Table: Results of the gene mutation test with the test chemical

Concentration %	Treatment (hrs)	Survival %	Treated			Control
			No. of plates	Total no. of bacteria	Mutants/108bacteria	No. of plates	Total no. of bacteria	Mutants/108bacteria
0.003	3	13	10	1.2 X 108	11.8	4	8.5 X 107	8.3
0.002	3	12	8	8.0 X 107	70.0	4	7.0 X 107	147
0.002	3	11	8	1.1 X 108	28.7	4	8.4 X 107	35.4
0.005	3	7	9	4.6 X 107	10.9	4	5.4 X 107	33.1
0.002	3	1.9	8	2.2 X 107	74	4	9.2 X 107	98.1

Applicant's summary and conclusion

Conclusions:

The test chemical did not induce gene mutation in E. coli Strains B/Sd-4/1,3,4,5 and B/Sd-4/3,4 and hence it is not likely to classify as a gene mutant in vitro.

Executive summary:

Gene mutation toxicity study was performed to determine the mutagenic nature of the test chemical. The study was performed using E. coli Strains B/Sd-4/1,3,4,5 and B/Sd-4/3,4. The test chemical was dissolved in distilled water and used at dose levels of 0, 0.002, 0.002, 0.002, 0.003 or  0.005 %.

 

For every experiment, bacteria were grown for 24 hours at 37˚C in an aerated broth culture containing 10 micrograms of streptomycin per milliliter. They reached a saturation titer of approximately 2 to 3 x 10⁹cells per milliliter. Each culture was started from an inoculum, usually large, taken from streptomycin-agar slants kept in a refrigerator. Before treatment the bacteria were washed in saline and resuspended in distilled water. A sample of the new suspension was added to the desired solution of chemical in distilled water, and incubated at 37˚C for a certain period of time; no growth occurs under these conditions. Another sample of the same suspension was added to an equal amount of distilled water and incubated for the same period of time, as a control. At the end of the treatment period, both treated and control suspensions were assayed by plating suitable dilutions on streptomycin-agar plates. At the same time they were plated (0.1 ml per Petri dish), either undiluted or diluted not more than 1:10 in plain broth, onto a number of streptomycin-free plates, using a glass spreader and a turntable.

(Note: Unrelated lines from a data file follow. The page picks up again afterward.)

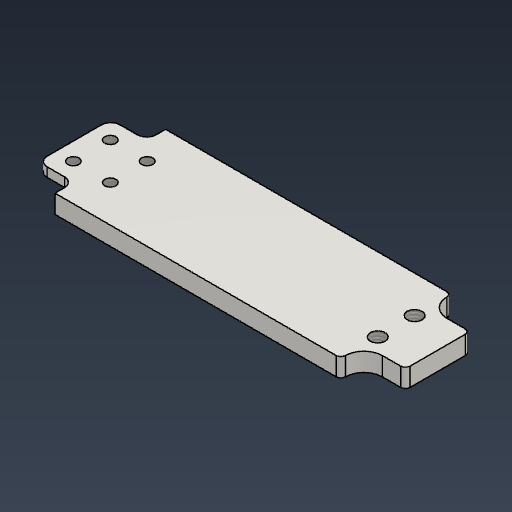
# Autodesk Inventor part: Kicker Eisen
Saved by Autodesk Inventor 2023.1 (Build 271208000, 208)
## iProperties
Part Number: Kicker Eisen
Material: Stahl, unlegiert
Document SubType Name: Modeling
Designer: rYan
Mass: 51.6105 g
Surface Area: 42.6729 cm^2
Volume: 6.57458 cm^3
Density: 7.85 g/cm^3
Appearance: Stahl
Author: rYan
Autodesk Inventor part; units mm, degrees
ref_plane "YZ Plane" through (0, 0, 0) normal (1, 0, 0) x (0, 1, 0)
ref_plane "XZ Plane" through (0, 0, 0) normal (0, 1, 0) x (-1, 0, 0)
ref_plane "XY Plane" through (0, 0, 0) normal (0, 0, 1) x (1, 0, 0)
sketch "Skizze1" plane through (0, 0, 0) normal (0, 0, 1) x (1, 0, 0)
  line L0 (0, 12) -> (62, 12)
  line L1 (62, -12) -> (0, -12)
  line L2 (0, -12) -> (0, 12)
  line L3 (-14.2, 0) -> (85.2, 0) projected
  line L4 (62, -7) -> (71, -7)
  line L5 (71, -7) -> (71, 7)
  line L6 (71, 7) -> (62, 7)
  line L7 (62, 12) -> (62, 7)
  line L8 (62, -7) -> (62, -12)
  point P0 (0, 0)
  dimension "d0" = 24
  dimension "d1" = 62
  dimension "d29" = 14
  dimension "d30" = 9
  constraints: 16 end point, 4 parallel, 3 perpendicular, 2 horizontal, 1 collinear, 1 midpoint, 2 other
  measures "d0" distance of L1.end L0.start
  measures "d1" distance of L0.start L0.end
  measures "d29" distance of L4.end L5.end
  measures "d30" distance of L5.end L6.end
extrude "Extrusion1" add sketch "Skizze1" along normal blind 4
sketch "Skizze5" plane through (0, 0, 0) normal (0, 0, -1) x (-1, 0, 0)
  line L0 (0, -12) -> (0, 12) construction
  line L1 (-85.2, 0) -> (14.2, 0) construction
  line L2 (0, 12) -> (0, -12) projected
  line L3 (0, -8) -> (-6, -8)
  line L4 (-8, -6) -> (-8, 6)
  line L5 (-6, 8) -> (0, 8)
  line L6 (0, 8) -> (0, -8)
  arc A0 (-8, -6) -> (-6, -8) centre (-6, -6) ccw
  arc A1 (-6, 8) -> (-8, 6) centre (-6, 6) ccw
  point P0 (0, 0)
  dimension "d37" = 2
  dimension "d38" = 4
  dimension "d39" = 8
  constraints: 8 end point, 4 point on circle, 4 tangent, 2 centre point, 2 parallel, 1 equal radius, 1 horizontal, 1 perpendicular, 1 point on line, 2 other
  measures "d37" radius of A0
  measures "d38" distance from line of L0.start L3
  measures "d39" distance between parallel lines of L0 L4
extrude "Extrusion3" cut sketch "Skizze5" against normal blind 2
sketch "Skizze6" plane through (0, 0, 4) normal (0, 0, 1) x (1, 0, 0)
  line L0 (0, 12) -> (0, -12) construction
  line L1 (-24.0571, 0) -> (86.8428, 0) construction
  line L2 (0, 7.9) -> (-5.8, 7.9)
  line L3 (-7.8, 5.9) -> (-7.8, -5.9)
  line L4 (-5.8, -7.9) -> (0, -7.9)
  line L5 (0, -7.9) -> (0, 7.9)
  arc A0 (-5.8, 7.9) -> (-7.8, 5.9) centre (-5.8, 5.9) ccw
  arc A1 (-7.8, -5.9) -> (-5.8, -7.9) centre (-5.8, -5.9) ccw
  point P0 (0, 0)
  dimension "d42" = 2
  dimension "d43" = 4.1
  dimension "d44" = 7.8
  constraints: 8 end point, 4 point on circle, 4 tangent, 2 centre point, 2 parallel, 1 equal radius, 1 horizontal, 1 perpendicular, 1 point on line, 2 other
  measures "d42" radius of A0
  measures "d43" distance from line of L0.start L2
  measures "d44" distance between parallel lines of L0 L3
extrude "Extrusion4" add sketch "Skizze6" against normal blind 2
sketch "Skizze2" plane through (0, 0, 4) normal (0, 0, 1) x (1, 0, 0)
  line L0 (62, 12) -> (0, 12) projected
  line L1 (0, 12) -> (0, -12) projected
  line L2 (0, 12) -> (4, 12)
  line L3 (4, 12) -> (4, -12)
  line L4 (4, -12) -> (0, -12)
  line L5 (0, -12) -> (0, 12)
  point P0 (0, 0)
  dimension "d4" = 4
  constraints: 8 end point, 2 parallel, 1 horizontal, 1 perpendicular, 1 point on line
  measures "d4" distance between parallel lines of L1 L3
extrude "Extrusion2" [suppressed]
sketch "Skizze3" plane through (0, 0, 2) normal (0, 0, 1) x (1, 0, 0)
  line L0 (0, 16.8) -> (0, -16.8) projected
  line L1 (-15, 0) -> (90, 0) projected
  point P0 (0, 0)
  point P1 (2, 0)
  dimension "d7" = 2
  constraints: 1 point on line
  measures "d7" distance from line of L0 point (2, 0)
hole "Bohrung1" [suppressed]
pattern_linear "Rechteckige Anordnung1" [suppressed]
sketch "Skizze4" plane through (0, 0, 4) normal (0, 0, 1) x (1, 0, 0)
  line L0 (-14.2, 0) -> (85.2, 0) projected
  line L1 (62, -12) -> (62, 12) projected
  line L2 (71, -7) -> (71, 7) construction
  point P0 (0, 0)
  point P1 (62, 4)
  point P2 (62, -4)
  dimension "d31" = 8
  dimension "d36" = 0
  constraints: 1 symmetric about line
  measures "d31" distance of point (62, -4) point (62, 4)
  measures "d36" distance from line of point (62, -4) L1
hole "Bohrung2" at (62, -4, 4) at (62, 4, 4) direction (0, 0, -1) diameter 3.242 end through all thread size "M4x0.7" class "6H" standard "ISO Metric profile"
fillet "Rundung1" radius 4 2 edges at (62, -7, 2) (62, 7, 2)
fillet "Rundung2" radius 1 4 edges at (62, -12, 2) (62, 12, 2) (71, -7, 2) (71, 7, 2)
sketch "Skizze7" plane through (0, 0, 0) normal (0, 0, 1) x (1, 0, 0)
  line L0 (-4, -4) -> (4, -4) construction
  line L1 (4, -4) -> (4, 4) construction
  line L2 (4, 4) -> (-4, 4) construction
  line L3 (-4, 4) -> (-4, -4) construction
  line L4 (0, 5.6) -> (0, -5.6) construction
  line L5 (-5.6, 0) -> (5.6, 0) construction
  point P0 (0, 0)
  dimension "d48" = 8
  dimension "d49" = 8
  constraints: 8 end point, 4 coincident, 2 parallel, 1 horizontal, 1 perpendicular, 2 other
  measures "d48" distance of L0.start L0.end
  measures "d49" distance of L2.end L0.start
hole "Bohrung3" at (4, -4, 0) at (4, 4, 0) at (-4, 4, 0) at (-4, -4, 0) direction (0, 0, 1) diameter 2.459 end through all thread size "M3x0.5" class "6H" standard "ISO Metric profile"
fillet "Rundung3" radius 2 4 edges at (0, -8, 1) (0, 8, 1) (0, 7.9, 3) (0, -7.9, 3)
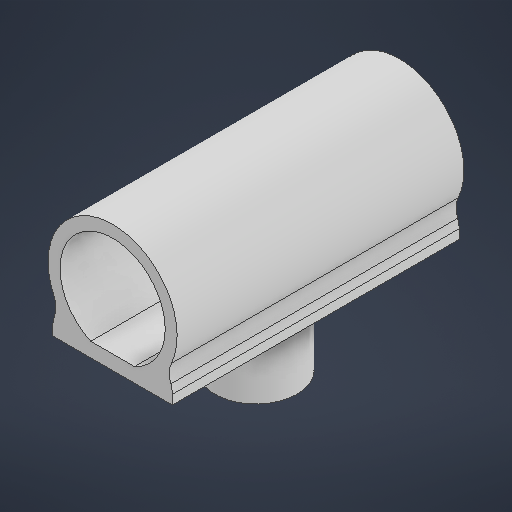
# Autodesk Inventor part: wire_loop
Saved by Autodesk Inventor 2027 (Build 310192060, 192F)
## iProperties
Created: 2026-07-23
Part Number: wire_loop
Material: Ogólny
Document SubType Name: Modeling
Designer: User
Density: 1 g/cm^3
Appearance: Domyślna
Author: User
Autodesk Inventor part; units mm, degrees
ref_plane "YZ Plane" through (0, 0, 0) normal (1, 0, 0) x (0, 1, 0)
ref_plane "XZ Plane" through (0, 0, 0) normal (0, 1, 0) x (-1, 0, 0)
ref_plane "XY Plane" through (0, 0, 0) normal (0, 0, 1) x (1, 0, 0)
sketch "Szkic1" plane through (0, 0, 0) normal (0, 1, 0) x (-1, 0, 0)
  circle A0 centre (0, 0) radius 1.72
  line L0 (-2.5, 6) -> (2.5, 6)
  line L1 (2.5, 6) -> (2.5, -6)
  line L2 (2.5, -6) -> (-2.5, -6)
  line L3 (-2.5, -6) -> (-2.5, 6)
  line L4 (-2.5, 6) -> (2.5, -6) construction
  line L5 (2.5, 6) -> (-2.5, -6) construction
  dimension "d0" = 3.44
  dimension "d1" = 5
  dimension "d2" = 12
  constraints: 12 end point, 2 midpoint, 2 parallel, 1 centre point, 1 coincident, 1 horizontal, 1 perpendicular
  measures "d0" diameter of A0
  measures "d1" distance of L1.end L2.end
  measures "d2" distance of L0.end L1.end
extrude "Wyciągnięcie proste1" add sketch "Szkic1" against normal blind 3 contours A0
extrude "Wyciągnięcie proste2" add sketch "Szkic1" along normal blind 0.6 contours A0 | L0 L1 L2 L3
sketch "Szkic2" plane through (-2.5, 0, 6) normal (0, 0, 1) x (1, 0, 0)
  line L0 (5, 0.6) -> (0, 0.6) projected
  line L1 (2.5, 0.6) -> (2.5, 2.6)
  line L2 (2.5, 0.6) -> (4.5, 0.6) construction
  circle A0 centre (2.5, 2.6) radius 2.2
  line L3 (0, 0.6) -> (5, 0.6)
  circle A1 centre (2.5, 2.6) radius 2.7
  point P0 (2.5, 0)
  point P1 (4.3138, 0.6)
  point P2 (0.6862, 0.6)
  point P3 (1.5835, 0.6)
  point P4 (3.4165, 0.6)
  dimension "d7" = 2
  dimension "d8" = 90
  dimension "d9" = 4.4
  dimension "d10" = 5.4
  constraints: 6 end point, 2 centre point, 2 coincident, 1 collinear, 1 horizontal, 1 midpoint, 1 perpendicular, 1 vertical
  measures "d7" distance of L1.start L1.end
  measures "d8" angle of L2 L1
  measures "d9" diameter of A0
  measures "d10" diameter of A1
extrude "Wyciągnięcie proste3" add sketch "Szkic2" against normal up to surface (12 mm away) contours L0 A0 A1 picked at (4.985, 2.9942)
fillet "Zaokrąglenie1" radius 1 4 edges at (1.8138, 0.6, 0) (-1.8138, 0.6, 0) (2.5, 0.6, 0) (-2.5, 0.6, 0)
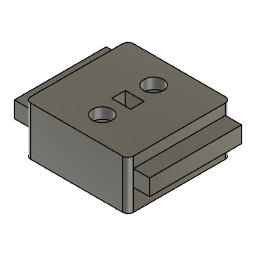
Korry Horizontal (Autodesk Fusion 360 design; units mm, degrees)
Autodesk Fusion 360 part; units mm, degrees
sketch "Sketch1" plane through (0, 0, 0) normal (0, 0, 1) x (1, 0, 0)
  line L0 (1, 0) -> (18, 0)
  line L1 (19, 1) -> (19, 18)
  line L2 (18, 19) -> (1, 19)
  line L3 (0, 18) -> (0, 1)
  arc A0 (1, 19) -> (0, 18) centre (1, 18) ccw
  arc A1 (19, 18) -> (18, 19) centre (18, 18) ccw
  arc A2 (18, 0) -> (19, 1) centre (18, 1) ccw
  arc A3 (0, 1) -> (1, 0) centre (1, 1) ccw
  line L4 (18.7071, 18.7071) -> (0.2929, 0.2929) construction
  line L5 (18.7071, 0.2929) -> (0.2929, 18.7071) construction
  line L6 (2, 17) -> (17, 17)
  line L7 (17, 17) -> (17, 2)
  line L8 (17, 2) -> (2, 2)
  line L9 (2, 2) -> (2, 17)
  line L10 (17, 17) -> (2, 2) construction
  line L11 (2, 17) -> (17, 2) construction
  point P0 (19, 0)
  point P1 (0, 19)
  point P2 (9.5, 9.5)
  point P3 (9.5, 9.5)
  dimension "d1" = 19
  dimension "d2" = 19
  dimension "d3" = 1
  dimension "d4" = 1
  dimension "d5" = 1
  dimension "d6" = 1
  dimension "d7" = 15
  dimension "d8" = 15
  constraint horizontal L0
  constraint vertical L1
  constraint horizontal L2
  constraint vertical L3
  constraint coincident P1 L2
  constraint coincident P1 L3
  constraint tangent L2 A0
  constraint tangent L3 A0
  constraint tangent L1 A1
  constraint tangent L2 A1
  constraint coincident P0 L0
  constraint coincident P0 L1
  constraint tangent L0 A2
  constraint tangent L1 A2
  constraint coincident origin L0
  constraint coincident origin L3
  constraint tangent L0 A3
  constraint tangent L3 A3
  constraint midpoint A1 L4.start
  constraint midpoint A3 L4.end
  constraint midpoint A2 L5.start
  constraint midpoint A0 L5.end
  constraint midpoint L5 P3
  constraint horizontal L6
  constraint vertical L7
  constraint horizontal L8
  constraint vertical L9
  constraint midpoint L11 P3
  measures "d1" distance of origin P0
  measures "d2" distance of origin P1
  measures "d3" radius of A0
  measures "d4" radius of A1
  measures "d5" radius of A2
  measures "d6" radius of A3
  measures "d7" distance of L6.start L6.end
  measures "d8" distance of L6.start L8.end
extrude "Extrude1" add sketch "Sketch1" along normal blind 3 makes body 1
sketch "Sketch2" plane through (0, 0, 3) normal (0, 0, 1) x (-1, 0, 0)
  line L0 (-17, -2) -> (-2, -2)
  line L1 (-2, -2) -> (-2, -17)
  line L2 (-2, -17) -> (-17, -17)
  line L3 (-17, -17) -> (-17, -2)
  arc A0 (0, -1) -> (-1, 0) centre (-1, -1) ccw
  line L4 (-1, 0) -> (-18, 0)
  arc A1 (-18, 0) -> (-19, -1) centre (-18, -1) ccw
  line L5 (-19, -1) -> (-19, -18)
  arc A2 (-19, -18) -> (-18, -19) centre (-18, -18) ccw
  line L6 (-18, -19) -> (-1, -19)
  arc A3 (-1, -19) -> (0, -18) centre (-1, -18) ccw
  line L7 (0, -18) -> (0, -1)
  line L8 (-17, -2) -> (-2, -17) construction
  line L9 (-2, -2) -> (-17, -17) construction
  line L10 (-9.5, -9.5) -> (-17, -9.5) construction
  line L11 (-9.5, -9.5) -> (-2, -9.5) construction
  line L12 (-17, -11.5) -> (-2, -11.5)
  line L13 (-17, -7.5) -> (-2, -7.5)
  line L14 (-2, -7.5) -> (-2, -11.5)
  line L15 (-17, -11.5) -> (-17, -7.5)
  line L16 (-7.75, -10.75) -> (-11.25, -10.75)
  line L17 (-11.25, -10.75) -> (-11.25, -8.25)
  line L18 (-11.25, -8.25) -> (-7.75, -8.25)
  line L19 (-7.75, -8.25) -> (-7.75, -10.75)
  line L20 (-11.25, -8.25) -> (-7.75, -10.75) construction
  line L21 (-11.25, -10.75) -> (-7.75, -8.25) construction
  point P0 (-9.5, -9.5)
  point P1 (-9.5, -9.5)
  dimension "d11" = 2
  dimension "d12" = 2
  dimension "d13" = 3.5
  dimension "d14" = 2.5
  constraint coincident L0.start L3.end
  constraint coincident L1.end L2.start
  constraint coincident L0.end L1.start
  constraint coincident L2.end L3.start
  constraint midpoint L9 P1
  constraint midpoint L3 L10.end
  constraint midpoint L1 L11.end
  constraint coincident L1 L12.end
  constraint perpendicular L1 L12
  constraint coincident L1 L13.end
  constraint perpendicular L1 L13
  constraint perpendicular L13 L15
  constraint horizontal L16
  constraint vertical L17
  constraint horizontal L18
  constraint vertical L19
  constraint midpoint L20 P1
  constraint coincident P1 P0
  measures "d11" distance of L10.end L12.start
  measures "d12" distance of L10.end L13.start
  measures "d13" distance of L16.start L16.end
  measures "d14" distance of L16.start L18.end
extrude "Extrude2" add sketch "Sketch2" along normal blind 4 separate body contours L1 L3 L12 L13 L14 L15 makes body 2
extrude "Extrude3" add 1 faces at (0.6667, 7, 3) along direction (0, 0, 1) blind 4 on bodies 1 bodies 1 2
sketch "Sketch3" plane through (0, 11.5, 0) normal (0, 1, 0) x (-1, 0, 0)
  line L0 (-17, 3) -> (-2, 3)
  line L1 (-2, 3) -> (-2, 7)
  line L2 (-2, 7) -> (-17, 7)
  line L3 (-17, 7) -> (-17, 3)
sketch "Sketch4" plane through (0, 0, 7) normal (0, 0, 1) x (-1, 0, 0)
  line L0 (-17, -7.5) -> (-17, -2)
  line L1 (-17, -2) -> (-2, -2)
  line L2 (-2, -2) -> (-2, -7.5)
  line L3 (-2, -7.5) -> (-17, -7.5)
  line L4 (-11.25, -8.25) -> (-7.75, -8.25)
  line L5 (-7.75, -8.25) -> (-7.75, -10.75)
  line L6 (-7.75, -10.75) -> (-11.25, -10.75)
  line L7 (-11.25, -10.75) -> (-11.25, -8.25)
  line L8 (-17, -11.5) -> (-2, -11.5)
  line L9 (-2, -11.5) -> (-2, -17)
  line L10 (-2, -17) -> (-17, -17)
  line L11 (-17, -17) -> (-17, -11.5)
  arc A0 (0, -1) -> (-1, 0) centre (-1, -1) ccw
  line L12 (-1, 0) -> (-18, 0)
  arc A1 (-18, 0) -> (-19, -1) centre (-18, -1) ccw
  line L13 (-19, -1) -> (-19, -18)
  arc A2 (-19, -18) -> (-18, -19) centre (-18, -18) ccw
  line L14 (-18, -19) -> (-1, -19)
  arc A3 (-1, -19) -> (0, -18) centre (-1, -18) ccw
  line L15 (0, -18) -> (0, -1)
  line L16 (-17, -11.5) -> (-2, -17) construction
  line L17 (-2, -11.5) -> (-17, -17) construction
  line L18 (-17, -2) -> (-2, -7.5) construction
  line L19 (-2, -2) -> (-17, -7.5) construction
  line L20 (-17, -11.5) -> (-2, -11.5)
  line L21 (-2, -11.5) -> (-17, -17) construction
  line L22 (-2, -17) -> (-17, -17)
  circle A4 centre (-9.5, -14.25) radius 1.8
  line L23 (-2, -11.5) -> (-2, -17)
  line L24 (-17, -11.5) -> (-2, -17) construction
  line L25 (-17, -17) -> (-17, -11.5)
  line L26 (-2, -7.5) -> (-17, -7.5)
  circle A5 centre (-9.5, -4.75) radius 1.8
  line L27 (-2, -2) -> (-2, -7.5)
  line L28 (-2, -2) -> (-17, -7.5) construction
  line L29 (-17, -7.5) -> (-17, -2)
  line L30 (-17, -2) -> (-2, -2)
  line L31 (-17, -2) -> (-2, -7.5) construction
  point P0 (-9.5, -14.25)
  point P1 (-9.5, -4.75)
  point P2 (-9.5, -14.25)
  point P3 (-9.5, -4.75)
  dimension "d22" = 15
  dimension "d23" = 5.5
  dimension "d24" = 3.6
  dimension "d25" = 15
  dimension "d26" = 5.5
  dimension "d27" = 3.6
  constraint coincident L8.start L11.end
  constraint coincident L9.end L10.start
  constraint coincident L8.end L9.start
  constraint coincident L10.end L11.start
  constraint coincident L0.end L1.start
  constraint coincident L2.end L3.start
  constraint coincident L1.end L2.start
  constraint coincident L0.start L3.end
  constraint midpoint L17 P2
  constraint midpoint L19 P3
  constraint horizontal L22
  constraint vertical L25
  constraint horizontal L20
  constraint vertical L23
  constraint midpoint P2 L24
  constraint coincident P2 P0
  constraint horizontal L26
  constraint vertical L29
  constraint horizontal L30
  constraint vertical L27
  constraint midpoint P3 L31
  constraint coincident P3 P1
  measures "d22" distance of L10.end L9.end
  measures "d23" distance of L9.end L8.end
  measures "d24" diameter of A4
  measures "d25" distance of L0.start L2.end
  measures "d26" distance of L2.end L1.end
  measures "d27" diameter of A5
extrude "Extrude4" add sketch "Sketch4" along normal blind 2 separate body contours L0 L1 L2 L3 L26 L27 L29 L30 | L8 L9 L10 L11 L20 L22 L23 L25 makes body 3 at (3.9, 14.25, 7) makes body 4 at (15.1, 4.75, 7)
extrude "Extrude5" add 1 faces at (15.0833, 9.9167, 7) along direction (0, 0, 1) blind 2 on bodies 1 bodies 1 3 4
sketch "Sketch5" plane through (19, 0, 0) normal (1, 0, 0) x (0, 1, 0)
  line L0 (1, 0) -> (18, 0)
  line L1 (18, 0) -> (18, 9)
  line L2 (18, 9) -> (1, 9)
  line L3 (1, 9) -> (1, 0)
  line L4 (18, 0) -> (18, 4) construction
  line L5 (18, 4) -> (1, 4)
  line L6 (1, 4) -> (1, 7)
  line L7 (1, 7) -> (18, 7)
  line L8 (18, 7) -> (18, 4)
  dimension "d32" = 4
  dimension "d33" = 3
  constraint coincident L0.end L1.start
  constraint perpendicular L0 L4
  constraint coincident L3 L5.end
  constraint perpendicular L3 L5
  constraint perpendicular L5 L6
  constraint coincident L1 L7.end
  constraint perpendicular L1 L7
  measures "d32" distance of L0.end L4.end
  measures "d33" distance of L5.end L6.end
extrude "Extrude6" add sketch "Sketch5" along normal blind 3 contours L1 L3 L5 L6 L7 L8 bodies 1
sketch "Sketch6" plane through (0, 0, 0) normal (-1, 0, 0) x (0, -1, 0)
  line L0 (-18, 0) -> (-1, 0)
  line L1 (-1, 0) -> (-1, 9)
  line L2 (-1, 9) -> (-18, 9)
  line L3 (-18, 9) -> (-18, 0)
  line L4 (-1, 0) -> (-1, 4) construction
  line L5 (-1, 4) -> (-18, 4)
  line L6 (-18, 4) -> (-18, 7)
  line L7 (-18, 7) -> (-1, 7)
  line L8 (-1, 7) -> (-1, 4)
  dimension "d36" = 4
  dimension "d37" = 3
  constraint coincident L0.end L1.start
  constraint perpendicular L0 L4
  constraint coincident L3 L5.end
  constraint perpendicular L3 L5
  constraint perpendicular L5 L6
  constraint coincident L1 L7.end
  constraint perpendicular L1 L7
  measures "d36" distance of L0.end L4.end
  measures "d37" distance of L5.end L6.end
extrude "Extrude7" add sketch "Sketch6" along normal blind 3 contours L1 L3 L5 L6 L7 L8 bodies 1

The assay plates were incubated for 48 hours, after which it was possible to count the colonies and calculate the titers of the two suspensions at the end of treatment, and the percentage of survivors. The streptomycin-free plates (mutant plates) were incubated for at least six days. After this time the colonies were scored, and the frequency of mutants calculated by dividing the number of colonies by the number of (viable) bacteria plated.

 

The test chemical did not increase the frequency of revertant mutants in the strains of E. coli used. The test chemical did not induce gene mutation in E. coli Strains B/Sd-4/1,3,4,5 and B/Sd-4/3,4 and hence it is not likely to classify as a gene mutant in vitro.